Electronic-Sports Experience Related to Functional Enhancement in Central Executive and Default Mode Areas.

Electronic-sports (e-sports) is a form of organized, online, multiplayer video game competition, which requires both action skills and the ability and process of forming and adapting a strategy (referred to as strategization hereafter) to achieve goals. Over the past few decades, research has shown that video gaming experience has an important impact on the plasticity of the sensorimotor, attentional, and executive brain areas. However, little research has examined the relationship between e-sports experience and the plasticity of brain networks that are related to strategization. Using resting-state fMRI data and the local functional connectivity density (lFCD) analysis, this study investigated the relationship between e-sports experience (League of Legends [LOL] in this study) and brain plasticity by comparing between top-ranking LOL players and lower-ranking (yet experienced) LOL players. Results showed that the top-ranking LOL players had superior local functional integration in the executive areas compared to lower-ranking players. Furthermore, the top-ranking players had higher lFCD in the default mode areas, which have been found related to various subprocesses (e.g., memory and planning) essential for strategization. Finally, the top-ranking players' lFCD was related to their LOL expertise rank level, as indicated by a comprehensive score assigned by the gaming software based on players' gaming experience and expertise. Thus, the result showed that the local functional connectivity in central executive and default mode brain areas was enhanced in the top-ranking e-sports players, suggesting that e-sports experience is related to the plasticity of the central executive and default mode areas.

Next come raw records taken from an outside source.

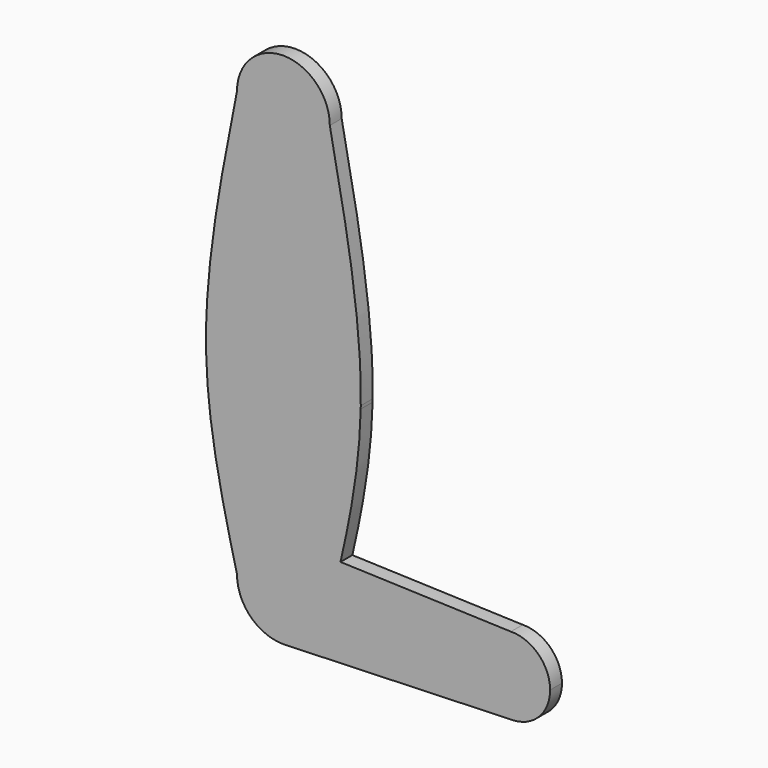
from build123d import *

# Parameters (mm, degrees)
F1_DEPTH = 3.048


with BuildPart() as f1:
    # F0 (on Front) → F1 (new body)
    with BuildSketch(Plane.XZ):
        with BuildLine():
            add(Edge.make_bspline(
                [(0, -29.2028061362), (0.1994290432, -29.2090684708), (0.3988582249, -29.2153378493), (0.5982729839, -29.2216137104)],
                knots=[0, 0, 0, 0, 0.0080246695, 0.0080246695, 0.0080246695, 0.0080246695], degree=3))
            Line((0, -29.2028061362), (0, -38.7278061362))
            Line((0, -38.7278061362), (9.525, -38.7278061362))
            ThreePointArc((9.525, -38.7278061362), (6.9434924632, -32.2075655415), (0.5982729839, -29.2216137104))
        make_face()
        with BuildLine():
            ThreePointArc((-9.525, -38.7278061362), (-6.7351920908, -31.9926140454), (0, -29.2028061362))
            Line((0, -29.2028061362), (0, -15.875))
            ThreePointArc((0, -15.875), (-11.0057082375, -11.4407172498), (-15.8630798211, -0.6150801499))
            add(Edge.make_bspline(
                [(-15.8630798211, -0.6150801499), (-15.5610688303, -14.0326352056), (-12.5430344151, -26.3802206709), (-9.525, -38.7278061362)],
                knots=[0.5347471817, 0.5347471817, 0.5347471817, 0.5347471817, 1, 1, 1, 1], degree=3))
        make_face()
        with BuildLine():
            Line((0, -38.7278061362), (0, -29.2028061362))
            ThreePointArc((0, -29.2028061362), (-6.7351920908, -31.9926140454), (-9.525, -38.7278061362))
            ThreePointArc((-9.525, -38.7278061362), (-6.7351920908, -45.4629982271), (0, -48.2528061362))
            add(Edge.make_bspline(
                [(0, -48.2528061362), (0.2131130588, -48.2456482665), (0.4262259719, -48.2384878681), (0.6393387432, -48.2313250094)],
                knots=[0, 0, 0, 0, 0.6396952306, 0.6396952306, 0.6396952306, 0.6396952306], degree=3))
            ThreePointArc((0.6393387432, -48.2313250094), (6.957561589, -45.2330318614), (9.525, -38.7278061362))
            Line((9.525, -38.7278061362), (0, -38.7278061362))
        make_face()
        with BuildLine():
            Line((0, -15.875), (0, -29.2028061362))
            ThreePointArc((0, -29.2028061362), (0.2992842663, -29.2075091909), (0.5982729839, -29.2216137104))
            add(Edge.make_bspline(
                [(0.5982729839, -29.2216137104), (4.3416181778, -29.339422014), (8.0798811955, -29.4595146085), (11.716745228, -29.5781777813)],
                knots=[0.0080246695, 0.0080246695, 0.0080246695, 0.0080246695, 0.1586610028, 0.1586610028, 0.1586610028, 0.1586610028], degree=3))
            add(Edge.make_bspline(
                [(15.8630798211, -0.6150801499), (15.6355353264, -10.7242843795), (13.866216965, -20.2261112434), (11.7167452282, -29.578177782)],
                knots=[0.5347471817, 0.5347471817, 0.5347471817, 0.5347471817, 0.8852831578, 0.8852831578, 0.8852831578, 0.8852831578], degree=3))
            ThreePointArc((15.8630798211, -0.6150801499), (11.0057082375, -11.4407172498), (0, -15.875))
        make_face()
        with BuildLine():
            ThreePointArc((0.5982729839, -29.2216137104), (0.2992842663, -29.2075091909), (0, -29.2028061362))
            add(Edge.make_bspline(
                [(0, -29.2028061362), (0.1994290432, -29.2090684708), (0.3988582249, -29.2153378493), (0.5982729839, -29.2216137104)],
                knots=[0, 0, 0, 0, 0.0080246695, 0.0080246695, 0.0080246695, 0.0080246695], degree=3))
        make_face()
        with BuildLine():
            ThreePointArc((-15.8630798211, -0.6150801499), (-11.0057082375, -11.4407172498), (0, -15.875))
            Line((0, -15.875), (0, 0))
            Line((0, 0), (0, 15.875))
            ThreePointArc((0, 15.875), (-11.2253201513, 11.2253201513), (-15.875, 0))
            add(Edge.make_bspline(
                [(-15.875, 0), (-15.8716656679, -0.2052784728), (-15.8676890566, -0.4103039216), (-15.8630798211, -0.6150801499)],
                knots=[0.5276465798, 0.5276465798, 0.5276465798, 0.5276465798, 0.5347471817, 0.5347471817, 0.5347471817, 0.5347471817], degree=3))
        make_face()
        with BuildLine():
            Line((0, 0), (0, -15.875))
            ThreePointArc((0, -15.875), (11.0057082375, -11.4407172498), (15.8630798211, -0.6150801499))
            add(Edge.make_bspline(
                [(15.875, 0), (15.8716656679, -0.2052784728), (15.8676890566, -0.4103039216), (15.8630798211, -0.6150801499)],
                knots=[0.5276465798, 0.5276465798, 0.5276465798, 0.5276465798, 0.5347471817, 0.5347471817, 0.5347471817, 0.5347471817], degree=3))
            ThreePointArc((15.875, 0), (11.2253201513, 11.2253201513), (0, 15.875))
            Line((0, 15.875), (0, 0))
        make_face()
        with BuildLine():
            add(Edge.make_bspline(
                [(0.5982729839, -29.2216137104), (4.3416181778, -29.339422014), (8.0798811955, -29.4595146085), (11.716745228, -29.5781777813)],
                knots=[0.0080246695, 0.0080246695, 0.0080246695, 0.0080246695, 0.1586610028, 0.1586610028, 0.1586610028, 0.1586610028], degree=3))
            ThreePointArc((0.5982729839, -29.2216137104), (6.9434924632, -32.2075655415), (9.525, -38.7278061362))
            add(Edge.make_bspline(
                [(11.7167452282, -29.578177782), (11.0133064179, -32.63874678), (10.2691532089, -35.6832764581), (9.525, -38.7278061362)],
                knots=[0.8852831578, 0.8852831578, 0.8852831578, 0.8852831578, 1, 1, 1, 1], degree=3))
        make_face()
        with BuildLine():
            add(Edge.make_bspline(
                [(11.7167452282, -29.578177782), (11.0133064179, -32.63874678), (10.2691532089, -35.6832764581), (9.525, -38.7278061362)],
                knots=[0.8852831578, 0.8852831578, 0.8852831578, 0.8852831578, 1, 1, 1, 1], degree=3))
            Line((9.525, -38.7278061362), (38.8504122414, -38.7278061362))
            ThreePointArc((38.8504122414, -38.7278061362), (41.0703889722, -33.2220061112), (46.4885436218, -30.7959535986))
            add(Edge.make_bspline(
                [(46.6014932618, -30.7924955428), (46.5682462049, -30.7929887265), (46.5283758233, -30.7939133608), (46.4885436218, -30.7959535986)],
                knots=[0.9751953485, 0.9751953485, 0.9751953485, 0.9751953485, 1, 1, 1, 1], degree=3))
            ThreePointArc((46.6014932618, -30.7924955428), (46.6427611197, -30.7916334188), (46.684032903, -30.7909859082))
            add(Edge.make_bspline(
                [(11.716745228, -29.5781777813), (30.5622726651, -30.1930674385), (46.6851234184, -30.7695755158), (46.684032903, -30.7909859082)],
                knots=[0.1586610028, 0.1586610028, 0.1586610028, 0.1586610028, 0.9392294066, 0.9392294066, 0.9392294066, 0.9392294066], degree=3))
        make_face()
        with BuildLine():
            Line((38.8504122414, -38.7278061362), (9.525, -38.7278061362))
            ThreePointArc((9.525, -38.7278061362), (6.957561589, -45.2330318614), (0.6393387432, -48.2313250094))
            add(Edge.make_bspline(
                [(0.6393387432, -48.2313250094), (16.0478252892, -47.7134357647), (31.455570606, -47.182685244), (46.8640654981, -46.6649408164)],
                knots=[0.6396952306, 0.6396952306, 0.6396952306, 0.6396952306, 46.8909606742, 46.8909606742, 46.8909606742, 46.8909606742], degree=3))
            ThreePointArc((46.8640654981, -46.6649408164), (41.2022412981, -44.3673261834), (38.8504122414, -38.7278061362))
        make_face()
        with BuildLine():
            ThreePointArc((-15.875, 0), (-15.8720196755, -0.3075978225), (-15.8630798211, -0.6150801499))
            add(Edge.make_bspline(
                [(-15.875, 0), (-15.8716656679, -0.2052784728), (-15.8676890566, -0.4103039216), (-15.8630798211, -0.6150801499)],
                knots=[0.5276465798, 0.5276465798, 0.5276465798, 0.5276465798, 0.5347471817, 0.5347471817, 0.5347471817, 0.5347471817], degree=3))
        make_face()
        with BuildLine():
            add(Edge.make_bspline(
                [(15.875, 0), (15.8716656679, -0.2052784728), (15.8676890566, -0.4103039216), (15.8630798211, -0.6150801499)],
                knots=[0.5276465798, 0.5276465798, 0.5276465798, 0.5276465798, 0.5347471817, 0.5347471817, 0.5347471817, 0.5347471817], degree=3))
            ThreePointArc((15.8630798211, -0.6150801499), (15.8720196755, -0.3075978225), (15.875, 0))
        make_face()
        with BuildLine():
            add(Edge.make_bspline(
                [(0, -48.2528061362), (0.2131130588, -48.2456482665), (0.4262259719, -48.2384878681), (0.6393387432, -48.2313250094)],
                knots=[0, 0, 0, 0, 0.6396952306, 0.6396952306, 0.6396952306, 0.6396952306], degree=3))
            ThreePointArc((0, -48.2528061362), (0.3198497567, -48.2474343398), (0.6393387432, -48.2313250094))
        make_face()
        with BuildLine():
            ThreePointArc((46.4885436218, -30.7959535986), (41.0703889722, -33.2220061112), (38.8504122414, -38.7278061362))
            ThreePointArc((38.8504122414, -38.7278061362), (41.2022412981, -44.3673261834), (46.8640654981, -46.6649408164))
            add(Edge.make_bspline(
                [(46.8640654981, -46.6649408164), (46.9909147503, -46.6606785252), (47.1177640532, -46.6564171153), (47.2446134078, -46.6521566014)],
                knots=[46.8909606742, 46.8909606742, 46.8909606742, 46.8909606742, 47.2717206688, 47.2717206688, 47.2717206688, 47.2717206688], degree=3))
            ThreePointArc((47.2446134078, -46.6521566014), (52.5597824651, -44.1766060381), (54.7254122414, -38.7278061362))
            ThreePointArc((54.7254122414, -38.7278061362), (52.3637244693, -33.078538551), (46.684032903, -30.7909859082))
            add(Edge.make_bspline(
                [(46.684032903, -30.7909859082), (46.6839826557, -30.7919724263), (46.6497004182, -30.7917804424), (46.6014932618, -30.7924955428)],
                knots=[0.9392294066, 0.9392294066, 0.9392294066, 0.9392294066, 0.9751953485, 0.9751953485, 0.9751953485, 0.9751953485], degree=3))
            ThreePointArc((46.6014932618, -30.7924955428), (46.5450122879, -30.7940235666), (46.4885436218, -30.7959535986))
        make_face()
        with BuildLine():
            ThreePointArc((-15.875, 0), (-11.2253201513, 11.2253201513), (0, 15.875))
            Line((0, 15.875), (0, 39.0321981638))
            ThreePointArc((0, 39.0321981638), (-6.7351920908, 41.822006073), (-9.525, 48.5571981638))
            add(Edge.make_bspline(
                [(-9.525, 48.5571981638), (-12.8238873086, 31.9057330322), (-16.1227746172, 15.2542679006), (-15.875, 0)],
                knots=[0, 0, 0, 0, 0.5276465798, 0.5276465798, 0.5276465798, 0.5276465798], degree=3))
        make_face()
        with BuildLine():
            Line((0, 39.0321981638), (0, 15.875))
            ThreePointArc((0, 15.875), (11.2253201513, 11.2253201513), (15.875, 0))
            add(Edge.make_bspline(
                [(9.525, 48.5571981638), (12.8238873086, 31.9057330322), (16.1227746172, 15.2542679006), (15.875, 0)],
                knots=[0, 0, 0, 0, 0.5276465798, 0.5276465798, 0.5276465798, 0.5276465798], degree=3))
            ThreePointArc((9.525, 48.5571981638), (6.7351920908, 41.822006073), (0, 39.0321981638))
        make_face()
        with BuildLine():
            add(Edge.make_bspline(
                [(46.684032903, -30.7909859082), (46.6839826557, -30.7919724263), (46.6497004182, -30.7917804424), (46.6014932618, -30.7924955428)],
                knots=[0.9392294066, 0.9392294066, 0.9392294066, 0.9392294066, 0.9751953485, 0.9751953485, 0.9751953485, 0.9751953485], degree=3))
            ThreePointArc((46.684032903, -30.7909859082), (46.6427611197, -30.7916334188), (46.6014932618, -30.7924955428))
        make_face()
        with BuildLine():
            add(Edge.make_bspline(
                [(46.6014932618, -30.7924955428), (46.5682462049, -30.7929887265), (46.5283758233, -30.7939133608), (46.4885436218, -30.7959535986)],
                knots=[0.9751953485, 0.9751953485, 0.9751953485, 0.9751953485, 1, 1, 1, 1], degree=3))
            ThreePointArc((46.4885436218, -30.7959535986), (46.5450122879, -30.7940235666), (46.6014932618, -30.7924955428))
        make_face()
        with BuildLine():
            add(Edge.make_bspline(
                [(46.8640654981, -46.6649408164), (46.9909147503, -46.6606785252), (47.1177640532, -46.6564171153), (47.2446134078, -46.6521566014)],
                knots=[46.8909606742, 46.8909606742, 46.8909606742, 46.8909606742, 47.2717206688, 47.2717206688, 47.2717206688, 47.2717206688], degree=3))
            ThreePointArc((46.8640654981, -46.6649408164), (47.0544161215, -46.6608309019), (47.2446134078, -46.6521566014))
        make_face()
        with BuildLine():
            ThreePointArc((-9.525, 48.5571981638), (-6.7351920908, 41.822006073), (0, 39.0321981638))
            ThreePointArc((0, 39.0321981638), (6.7351920908, 41.822006073), (9.525, 48.5571981638))
            ThreePointArc((9.525, 48.5571981638), (0, 58.0821981638), (-9.525, 48.5571981638))
        make_face()
    extrude(amount=F1_DEPTH)


solid = f1.part

Rapid Improvement in Visual Selective Attention Related to Action Video Gaming Experience.

A central issue in cognitive science is understanding how learning induces cognitive and neural plasticity, which helps illuminate the biological basis of learning. Research in the past few decades showed that action video gaming (AVG) offered new, important perspectives on learning-related cognitive and neural plasticity. However, it is still unclear whether cognitive and neural plasticity is observable after a brief AVG session. Using behavioral and electrophysiological measures, this study examined the plasticity of visual selective attention (VSA) associated with a 1 h AVG session. Both AVG experts and non-experts participated in this study. Their VSA was assessed prior to and after the AVG session. Within-group comparisons on the participants' performance before and after the AVG session showed improvements in response time in both groups and modulations of electrophysiological measures in the non-experts. Furthermore, between-group comparisons showed that the experts had superior VSA, relative to the non-experts, prior to the AVG session. These findings suggested an association between the plasticity of VSA and AVG. Most importantly, this study showed that the plasticity of VSA was observable after even a 1 h AVG session.